Chickenhawk (1983) by Robert Mason is another account of flying helicopters in Vietnam. The book details flight training, flying in Vietnam and has a short chapter on the author’s life after he returned. It’s an engaging book with the author expressing more about the war he fought in than many other pilot accounts do.

Mason flew for the 1st Cavalry in Vietnam as a Huey pilot. The book recalls Mason’s training and the difficulty of initially learning to fly and then after learning the basics the very tough life of a Huey pilot in Vietnam. Flying vast numbers of hours, commonly over 8 in one day in comparison to most Air Force pilots who flew 1-2 hours only per day the life of the Huey pilots was truly remarkable. The likelihood of being killed as a pilot was high. The difficulty of flying the machines coupled with clever tactics from the Vietcong make for exciting reading. The experimental use of helicopters and the fact that the US thought they would be a force that would defeat the Vietcong are well portrayed.

The strangeness of the war and the way that US soldiers were aware that the strategy was faulty and a poor outcome was likely is well expressed by Mason as he recalls discussions between the pilots.
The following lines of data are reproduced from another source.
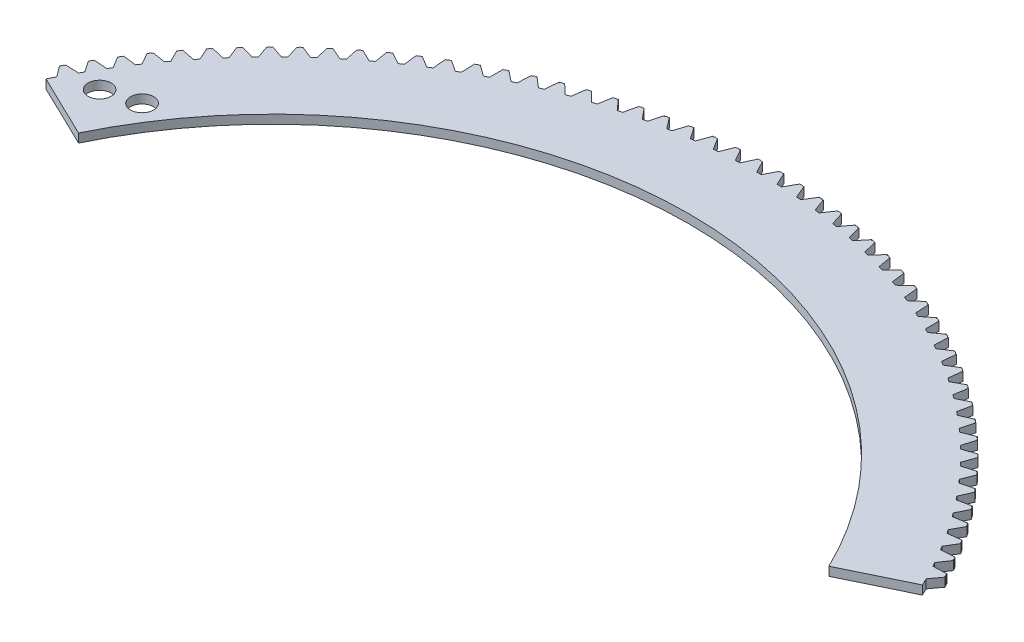
from build123d import *

# Parameters (mm, degrees)
SALIENTE_EXTRUIR1_DEPTH = 2.5
CROQUIS2_R              = 3.3
CORTAR_EXTRUIR1_DEPTH   = 2.5


# Read off the part's stored shape, not the designer's step: Saliente-Extruir1
with BuildPart() as part:
    # Saliente-Extruir1 outline → Saliente-Extruir1 (new body)
    with BuildSketch(Plane(origin=(0, 0, 0), x_dir=(1, 0, 0), z_dir=(0, 1, 0))):
        with BuildLine():
            Line((231.241720971, 10.756587138), (233.558294646, 13.910122691))
            Line((233.558294646, 13.910122691), (233.321502185, 13.98383382))
            ThreePointArc((233.321502185, 13.98383382), (233.28120566, 14.441592034), (232.928863632, 14.736586081))
            Line((232.928863632, 14.736586081), (233.002072992, 14.973534155))
            Line((233.002072992, 14.973534155), (229.092934922, 14.847916675))
            ThreePointArc((229.092934922, 14.847916675), (228.778691711, 15.41962652), (228.461768711, 15.989855207))
            Line((228.461768711, 15.989855207), (230.641815453, 19.2392427))
            Line((230.641815453, 19.2392427), (230.402096473, 19.302794338))
            ThreePointArc((230.402096473, 19.302794338), (230.342326111, 19.75841907), (229.9777311, 20.038127616))
            Line((229.9777311, 20.038127616), (230.040774792, 20.277980682))
            Line((230.040774792, 20.277980682), (226.140564472, 19.985864653))
            ThreePointArc((226.140564472, 19.985864653), (225.802234397, 20.543669629), (225.461290021, 21.099880526))
            Line((225.461290021, 21.099880526), (227.500850106, 24.439214589))
            Line((227.500850106, 24.439214589), (227.258640281, 24.492491234))
            ThreePointArc((227.258640281, 24.492491234), (227.17950471, 24.945154413), (226.803319347, 25.209069106))
            Line((226.803319347, 25.209069106), (226.856082792, 25.451391244))
            Line((226.856082792, 25.451391244), (222.971886977, 24.993309217))
            ThreePointArc((222.971886977, 24.993309217), (222.610084609, 25.536194527), (222.245738189, 26.077375734))
            Line((222.245738189, 26.077375734), (224.141107116, 29.500587723))
            Line((224.141107116, 29.500587723), (223.896846649, 29.543492548))
            ThreePointArc((223.896846649, 29.543492548), (223.798489693, 29.992371487), (223.411397671, 30.240012677))
            Line((223.411397671, 30.240012677), (223.453784976, 30.484363483))
            Line((223.453784976, 30.484363483), (219.592661225, 29.861149435))
            ThreePointArc((219.592661225, 29.861149435), (219.208043899, 30.388127406), (218.820957401, 30.913294344))
            Line((218.820957401, 30.913294344), (220.568692615, 34.414163365))
            Line((220.568692615, 34.414163365), (220.322825433, 34.446618393))
            ThreePointArc((220.322825433, 34.446618393), (220.205425851, 34.890897281), (219.808130686, 35.121814895))
            Line((219.808130686, 35.121814895), (219.840064814, 35.367750276))
            Line((219.840064814, 35.367750276), (216.009028683, 34.580538091))
            ThreePointArc((216.009028683, 34.580538091), (215.602295299, 35.090649975), (215.193172121, 35.598847186))
            Line((215.193172121, 35.598847186), (216.790099247, 39.171011388))
            Line((216.790099247, 39.171011388), (216.5430722, 39.192957634))
            ThreePointArc((216.5430722, 39.192957634), (216.406843358, 39.631829022), (216.00006711, 39.845603382))
            Line((216.00006711, 39.845603382), (216.021490023, 40.092676365))
            Line((216.021490023, 40.092676365), (212.227502332, 39.142897764))
            ThreePointArc((212.227502332, 39.142897764), (211.799392086, 39.63521549), (211.368975776, 40.125518384))
            Line((211.368975776, 40.125518384), (212.812194378, 43.762486511))
            Line((212.812194378, 43.762486511), (212.564456421, 43.773884089))
            ThreePointArc((212.564456421, 43.773884089), (212.409645907, 44.206550355), (211.994127867, 44.402792938))
            Line((211.994127867, 44.402792938), (212.00500063, 44.650554483))
            Line((212.00500063, 44.650554483), (208.254954832, 43.539936421))
            ThreePointArc((208.254954832, 43.539936421), (207.806245869, 44.013564291), (207.355318773, 44.485080831))
            Line((207.355318773, 44.485080831), (208.642207607, 48.180244006))
            Line((208.642207607, 48.180244006), (208.39420899, 48.181072202))
            ThreePointArc((208.39420899, 48.181072202), (208.221098162, 48.606747), (207.79759351, 48.785101149))
            Line((207.79759351, 48.785101149), (207.797896361, 49.033100964))
            Line((207.797896361, 49.033100964), (204.098606032, 47.763662489))
            ThreePointArc((204.098606032, 47.763662489), (203.630114028, 48.217738812), (203.159495862, 48.669611146))
            Line((203.159495862, 48.669611146), (204.287717633, 52.416254868))
            Line((204.287717633, 52.416254868), (204.039909078, 52.406512176))
            ThreePointArc((204.039909078, 52.406512176), (203.848812554, 52.824421869), (203.418090983, 52.984563434))
            Line((203.418090983, 52.984563434), (203.407823374, 53.232350795))
            Line((203.407823374, 53.232350795), (199.766009846, 51.806399377))
            ThreePointArc((199.766009846, 51.806399377), (199.278586525, 52.240098045), (198.789132884, 52.671504073))
            Line((198.789132884, 52.671504073), (199.756638476, 56.462820403))
            Line((199.756638476, 56.462820403), (199.50947036, 56.44252453))
            ThreePointArc((199.50947036, 56.44252453), (199.300735447, 56.851909592), (198.863579768, 56.993547527))
            Line((198.863579768, 56.993547527), (198.842760358, 57.240672095))
            Line((198.842760358, 57.240672095), (195.265040529, 55.660799433))
            ThreePointArc((195.265040529, 55.660799433), (194.759572106, 56.073331429), (194.252172902, 56.483486305))
            Line((194.252172902, 56.483486305), (195.057205098, 60.312586224))
            Line((195.057205098, 60.312586224), (194.811126634, 60.281774058))
            ThreePointArc((194.811126634, 60.281774058), (194.585132695, 60.681890456), (194.142337411, 60.804767342))
            Line((194.142337411, 60.804767342), (194.111004039, 61.050779984))
            Line((194.111004039, 61.050779984), (190.603878359, 59.3198573))
            ThreePointArc((190.603878359, 59.3198573), (190.081283927, 59.710472139), (189.55686177, 60.098629702))
            Line((189.55686177, 60.098629702), (190.197958433, 63.958555616))
            Line((190.197958433, 63.958555616), (189.953416854, 63.917283155))
            ThreePointArc((189.953416854, 63.917283155), (189.710574619, 64.307403703), (189.262944484, 64.411296219))
            Line((189.262944484, 64.411296219), (189.221154097, 64.65574982))
            Line((189.221154097, 64.65574982), (185.790994777, 62.776922647))
            ThreePointArc((185.790994777, 62.776922647), (185.252224631, 63.144909747), (184.711733143, 63.510363885))
            Line((184.711733143, 63.510363885), (185.187729868, 67.394102252))
            Line((185.187729868, 67.394102252), (184.945169613, 67.342444505))
            ThreePointArc((184.945169613, 67.342444505), (184.685920434, 67.721860182), (184.234268988, 67.806579509))
            Line((184.234268988, 67.806579509), (184.182097536, 68.049029792))
            Line((184.182097536, 68.049029792), (180.835136985, 66.025712256))
            ThreePointArc((180.835136985, 66.025712256), (180.281170888, 66.370402237), (179.725592965, 66.712488179))
            Line((179.725592965, 66.712488179), (180.035625189, 70.612982232))
            Line((180.035625189, 70.612982232), (179.795487097, 70.551033086))
            ThreePointArc((179.795487097, 70.551033086), (179.520302142, 70.919054326), (179.065450235, 70.984446493))
            Line((179.065450235, 70.984446493), (179.002992537, 71.224452818))
            Line((179.002992537, 71.224452818), (175.745312048, 69.060321447))
            ThreePointArc((175.745312048, 69.060321447), (175.177157442, 69.381087351), (174.607503463, 69.699182878))
            Line((174.607503463, 69.699182878), (174.751008032, 73.609345439))
            Line((174.751008032, 73.609345439), (174.513728539, 73.537217481))
            ThreePointArc((174.513728539, 73.537217481), (174.223107942, 73.89317543), (173.76588224, 73.939121589))
            Line((173.76588224, 73.939121589), (173.693251809, 74.176247759))
            Line((173.693251809, 74.176247759), (170.530770528, 71.875234809))
            ThreePointArc((170.530770528, 71.875234809), (169.9494607, 72.171493245), (169.366766678, 72.465019826))
            Line((169.366766678, 72.465019826), (169.34348287, 76.377746164))
            Line((169.34348287, 76.377746164), (169.109493217, 76.295570484))
            ThreePointArc((169.109493217, 76.295570484), (168.803965162, 76.638818208), (168.345196644, 76.665234856))
            Line((168.345196644, 76.665234856), (168.262525481, 76.899049908))
            Line((168.262525481, 76.899049908), (165.200989666, 74.465336225))
            ThreePointArc((165.200989666, 74.465336225), (164.607581858, 74.736548435), (164.012907555, 75.004972283))
            Line((164.012907555, 75.004972283), (163.82287755, 78.913153007))
            Line((163.82287755, 78.913153007), (163.592603, 78.821078953))
            ThreePointArc((163.592603, 78.821078953), (163.272722766, 79.150992621), (162.813245216, 79.157831747))
            Line((162.813245216, 79.157831747), (162.720683571, 79.387910738))
            Line((162.720683571, 79.387910738), (159.765656159, 76.82591817))
            ThreePointArc((159.765656159, 76.82591817), (159.161229642, 77.071591011), (158.555656633, 77.314424059))
            Line((158.555656633, 77.314424059), (158.199225438, 81.21095802))
            Line((158.199225438, 81.21095802), (157.9730845, 81.109152931))
            ThreePointArc((157.9730845, 81.109152931), (157.63943345, 81.425132945), (157.18008194, 81.412382119))
            Line((157.18008194, 81.412382119), (157.07779804, 81.638306894))
            Line((157.07779804, 81.638306894), (154.234648555, 78.952690272))
            ThreePointArc((154.234648555, 78.952690272), (153.620302657, 79.172377115), (153.004932353, 79.389177902))
            Line((153.004932353, 79.389177902), (152.48274718, 83.266985082))
            Line((152.48274718, 83.266985082), (152.261150852, 83.155633983))
            ThreePointArc((152.261150852, 83.155633983), (151.914335376, 83.457106069), (151.455944751, 83.424788465))
            Line((151.455944751, 83.424788465), (151.344124488, 83.646148418))
            Line((151.344124488, 83.646148418), (148.618019294, 80.841787107))
            ThreePointArc((148.618019294, 80.841787107), (147.994871393, 81.035088651), (147.370823037, 81.225463131))
            Line((147.370823037, 81.225463131), (146.683832128, 85.077497489))
            Line((146.683832128, 85.077497489), (146.467183147, 84.956802754))
            ThreePointArc((146.467183147, 84.956802754), (146.107833561, 85.243219003), (145.651236918, 85.191393356))
            Line((145.651236918, 85.191393356), (145.53008352, 85.40778618))
            Line((145.53008352, 85.40778618), (142.925976442, 82.489775226))
            ThreePointArc((142.925976442, 82.489775226), (142.29515993, 82.656340227), (141.663568549, 82.819942483))
            Line((141.663568549, 82.819942483), (140.813019458, 86.639204743))
            Line((140.813019458, 86.639204743), (140.601711571, 86.509385727))
            ThreePointArc((140.601711571, 86.509385727), (140.230480972, 86.780225597), (139.776508146, 86.708986097))
            Line((139.776508146, 86.708986097), (139.646241802, 86.920018511))
            Line((139.646241802, 86.920018511), (137.168865135, 83.893659398))
            ThreePointArc((137.168865135, 83.893659398), (136.531527347, 84.033185307), (135.893541681, 84.169718182))
            Line((135.893541681, 84.169718182), (134.880979016, 87.949268538))
            Line((134.880979016, 87.949268538), (134.675396262, 87.810561179))
            ThreePointArc((134.675396262, 87.810561179), (134.292959339, 88.065332434), (133.842435399, 87.974808555))
            Line((133.842435399, 87.974808555), (133.70329286, 88.18009702))
            Line((133.70329286, 88.18009702), (131.357148774, 85.050888051))
            ThreePointArc((131.357148774, 85.050888051), (130.714448893, 85.163121563), (130.071229302, 85.272337201))
            Line((130.071229302, 85.272337201), (128.898491924, 89.005307911))
            Line((128.898491924, 89.005307911), (128.699007938, 88.857964302))
            ThreePointArc((128.699007938, 88.857964302), (128.306059746, 89.09620391), (127.859803492, 88.986560174))
            Line((127.859803492, 88.986560174), (127.712037641, 89.185731591))
            Line((127.712037641, 89.185731591), (125.501390012, 85.959357913))
            ThreePointArc((125.501390012, 85.959357913), (124.854496956, 86.04409543), (124.207213298, 86.125795724))
            Line((124.207213298, 86.125795724), (122.876430991, 89.805403576))
            Line((122.876430991, 89.805403576), (122.683408322, 89.649691504))
            ThreePointArc((122.683408322, 89.649691504), (122.280663021, 89.87096648), (121.839485497, 89.742402157))
            Line((121.839485497, 89.742402157), (121.683364889, 89.935094544))
            Line((121.683364889, 89.935094544), (119.61223155, 86.617417836))
            ThreePointArc((119.61223155, 86.617417836), (118.962321838, 86.674505831), (118.312151336, 86.728542782))
            Line((118.312151336, 86.728542782), (116.825740946, 90.348101406))
            Line((116.825740946, 90.348101406), (116.639530401, 90.184303869))
            ThreePointArc((116.639530401, 90.184303869), (116.227719956, 90.388212059), (115.792422975, 90.240960807))
            Line((115.792422975, 90.240960807), (115.628231351, 90.426823957))
            Line((115.628231351, 90.426823957), (113.700376796, 87.023871791))
            ThreePointArc((113.700376796, 87.023871791), (113.048632398, 87.05320709), (112.396757493, 87.079483076))
            Line((112.396757493, 87.079483076), (110.757418551, 90.632415082))
            Line((110.757418551, 90.632415082), (110.578358557, 90.460829772))
            ThreePointArc((110.578358557, 90.460829772), (110.158231408, 90.647000585), (109.729606096, 90.481330024))
            Line((109.729606096, 90.481330024), (109.557641864, 90.660026143))
            Line((109.557641864, 90.660026143), (107.776570409, 87.177981051))
            ThreePointArc((107.776570409, 87.177981051), (107.124176596, 87.179511014), (106.471782788, 87.177978961))
            Line((106.471782788, 87.177978961), (104.682492614, 90.657827881))
            Line((104.682492614, 90.657827881), (104.510908601, 90.478766644))
            ThreePointArc((104.510908601, 90.478766644), (104.083228304, 90.646861725), (103.662053662, 90.463072952))
            Line((103.662053662, 90.463072952), (103.482629355, 90.634277269))
            Line((103.482629355, 90.634277269), (101.851578772, 87.079465527))
            ThreePointArc((101.851578772, 87.079465527), (101.199721948, 87.05318814), (100.547995635, 87.023851608))
            Line((100.547995635, 87.023851608), (98.612003943, 90.424293616))
            Line((98.612003943, 90.424293616), (98.448207755, 90.238081884))
            ThreePointArc((98.448207755, 90.238081884), (98.013751593, 90.387795732), (97.600793079, 90.186222771))
            Line((97.600793079, 90.186222771), (97.414234792, 90.349624134))
            Line((97.414234792, 90.349624134), (95.936170422, 86.72850428))
            ThreePointArc((95.936170422, 86.72850428), (95.286035963, 86.674468156), (94.636162274, 86.617381326))
            Line((94.636162274, 86.617381326), (92.556985283, 89.932236722))
            Line((92.556985283, 89.932236722), (92.40127461, 89.739212924))
            ThreePointArc((92.40127461, 89.739212924), (91.960832181, 89.870273442), (91.556840323, 89.651282641))
            Line((91.556840323, 89.651282641), (91.363487113, 89.806584077))
            Line((91.363487113, 89.806584077), (90.041096475, 86.125735193))
            ThreePointArc((90.041096475, 86.125735193), (89.393866565, 86.044039481), (88.747027203, 85.959307049))
            Line((88.747027203, 85.959307049), (86.528441263, 89.182551482))
            Line((86.528441263, 89.182551482), (86.381099099, 88.983066428))
            ThreePointArc((86.381099099, 88.983066428), (85.93547088, 89.095235422), (85.541179909, 88.859224782))
            Line((85.541179909, 88.859224782), (85.341383184, 89.006144041))
            Line((85.341383184, 89.006144041), (84.177071088, 85.272253815))
            ThreePointArc((84.177071088, 85.272253815), (83.533922567, 85.163048012), (82.891293651, 85.050824997))
            Line((82.891293651, 85.050824997), (80.537328396, 88.176600404))
            Line((80.537328396, 88.176600404), (80.398622527, 87.971016645))
            ThreePointArc((80.398622527, 87.971016645), (79.94861842, 88.064090255), (79.564744935, 87.811488711))
            Line((79.564744935, 87.811488711), (79.358867813, 87.949758776))
            Line((79.358867813, 87.949758776), (78.354751985, 84.169611368))
            ThreePointArc((78.354751985, 84.169611368), (77.716854199, 84.033095038), (77.079604123, 83.893586496))
            Line((77.079604123, 83.893586496), (74.594535166, 86.916211742))
            Line((74.594535166, 86.916211742), (74.464717681, 86.704902915))
            ThreePointArc((74.464717681, 86.704902915), (74.011155542, 86.778711985), (73.63839721, 86.509978626))
            Line((73.63839721, 86.509978626), (73.42681386, 86.639348198))
            Line((73.42681386, 86.639348198), (72.584721081, 82.819811926))
            ThreePointArc((72.584721081, 82.819811926), (71.953233757, 82.656234337), (71.322521057, 82.489694975))
            Line((71.322521057, 82.489694975), (68.710862238, 85.403676178))
            Line((68.710862238, 85.403676178), (68.590169073, 85.187026322))
            ThreePointArc((68.590169073, 85.187026322), (68.133873223, 85.241436709), (67.772907509, 84.957059941))
            Line((67.772907509, 84.957059941), (67.556002472, 85.0772939))
            Line((67.556002472, 85.0772939), (66.877465256, 81.225308774))
            ThreePointArc((66.877465256, 81.225308774), (66.253536383, 81.034968433), (65.630507631, 80.841702145))
            Line((65.630507631, 80.841702145), (62.897002831, 83.641742651))
            Line((62.897002831, 83.641742651), (62.785653338, 83.420145516))
            ThreePointArc((62.785653338, 83.420145516), (62.327453067, 83.455058331), (61.978936005, 83.155554992))
            Line((61.978936005, 83.155554992), (61.757103493, 83.26643482))
            Line((61.757103493, 83.26643482), (61.243357289, 79.388999945))
            ThreePointArc((61.243357289, 79.388999945), (60.62812103, 79.172244052), (60.01390874, 78.952603357))
            Line((60.01390874, 78.952603357), (57.163523282, 81.63361337))
            Line((57.163523282, 81.63361337), (57.061719831, 81.407471695))
            ThreePointArc((57.061719831, 81.407471695), (56.602447891, 81.422823486), (56.26701289, 81.108737905))
            Line((56.26701289, 81.108737905), (56.040656068, 81.210062085))
            Line((56.040656068, 81.210062085), (55.692637004, 77.314222959))
            ThreePointArc((55.692637004, 77.314222959), (55.08721163, 77.071446764), (54.482932201, 76.825832157))
            Line((54.482932201, 76.825832157), (51.52084384, 79.382937988))
            Line((51.52084384, 79.382937988), (51.428771454, 79.15266277))
            ThreePointArc((51.428771454, 79.15266277), (50.969262543, 79.148425638), (50.647519235, 78.820328646))
            Line((50.647519235, 78.820328646), (50.417049495, 78.911913027))
            Line((50.417049495, 78.911913027), (50.235392664, 75.004748748))
            ThreePointArc((50.235392664, 75.004748748), (49.64087852, 74.736394829), (49.0476302, 74.465254046))
            Line((49.0476302, 74.465254046), (45.979219734, 76.893806969))
            Line((45.979219734, 76.893806969), (45.897045749, 76.659816721))
            ThreePointArc((45.897045749, 76.659816721), (45.438134997, 76.635998366), (45.130668131, 76.294486259))
            Line((45.130668131, 76.294486259), (44.896504337, 76.376164392))
            Line((44.896504337, 76.376164392), (44.88154263, 72.464774806))
            ThreePointArc((44.88154263, 72.464774806), (44.299020128, 72.171332254), (43.717881017, 71.875159449))
            Line((43.717881017, 71.875159449), (40.54872253, 74.17074416))
            Line((40.54872253, 74.17074416), (40.476596291, 73.933464144))
            ThreePointArc((40.476596291, 73.933464144), (40.01911774, 73.890107854), (39.726486119, 73.535801311))
            Line((39.726486119, 73.535801311), (39.489053849, 73.60742475))
            Line((39.489053849, 73.60742475), (39.640817335, 69.698917562))
            ThreePointArc((39.640817335, 69.698917562), (39.071344994, 69.380921081), (38.503371082, 69.06025592))
            Line((38.503371082, 69.06025592), (35.239221825, 71.21869856))
            Line((35.239221825, 71.21869856), (35.177274418, 70.97856002))
            ThreePointArc((35.177274418, 70.97856002), (34.722059508, 70.915744592), (34.444794971, 70.549287542))
            Line((34.444794971, 70.549287542), (34.204525744, 70.610726118))
            Line((34.204525744, 70.610726118), (34.5227416, 66.712203981))
            ThreePointArc((34.5227416, 66.712203981), (33.967354116, 66.370232912), (33.413577365, 66.025659583))
            Line((33.413577365, 66.025659583), (30.060367315, 68.043035335))
            Line((30.060367315, 68.043035335), (30.008711326, 67.800474706))
            ThreePointArc((30.008711326, 67.800474706), (29.556587382, 67.718314304), (29.295193842, 67.340372761))
            Line((29.295193842, 67.340372761), (29.052524332, 67.391514812))
            Line((29.052524332, 67.391514812), (29.53661732, 63.510062432))
            ThreePointArc((29.53661732, 63.510062432), (28.996323689, 63.144739689), (28.457750154, 62.776885831))
            Line((28.457750154, 62.776885831), (25.021571254, 64.649526058))
            Line((25.021571254, 64.649526058), (24.980300564, 64.40498418))
            ThreePointArc((24.980300564, 64.40498418), (24.532089294, 64.303628126), (24.287041817, 63.914888976))
            Line((24.287041817, 63.914888976), (24.042413062, 63.955641553))
            Line((24.042413062, 63.955641553), (24.69150656, 60.09831282))
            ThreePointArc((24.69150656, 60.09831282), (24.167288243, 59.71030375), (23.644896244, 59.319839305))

Some of the horrors that Mason saw are also graphically included. The trips to Saigon and for R&R and the base life are also described.

In the final chapter Mason writes about his deeply troubled return to the US, the nightmares he had that grounded him and his later conviction for smuggling marijuana.

Chickenhawk is a really engaging and interesting book that is worth reading for anyone interested in helicopters and the Vietnam War.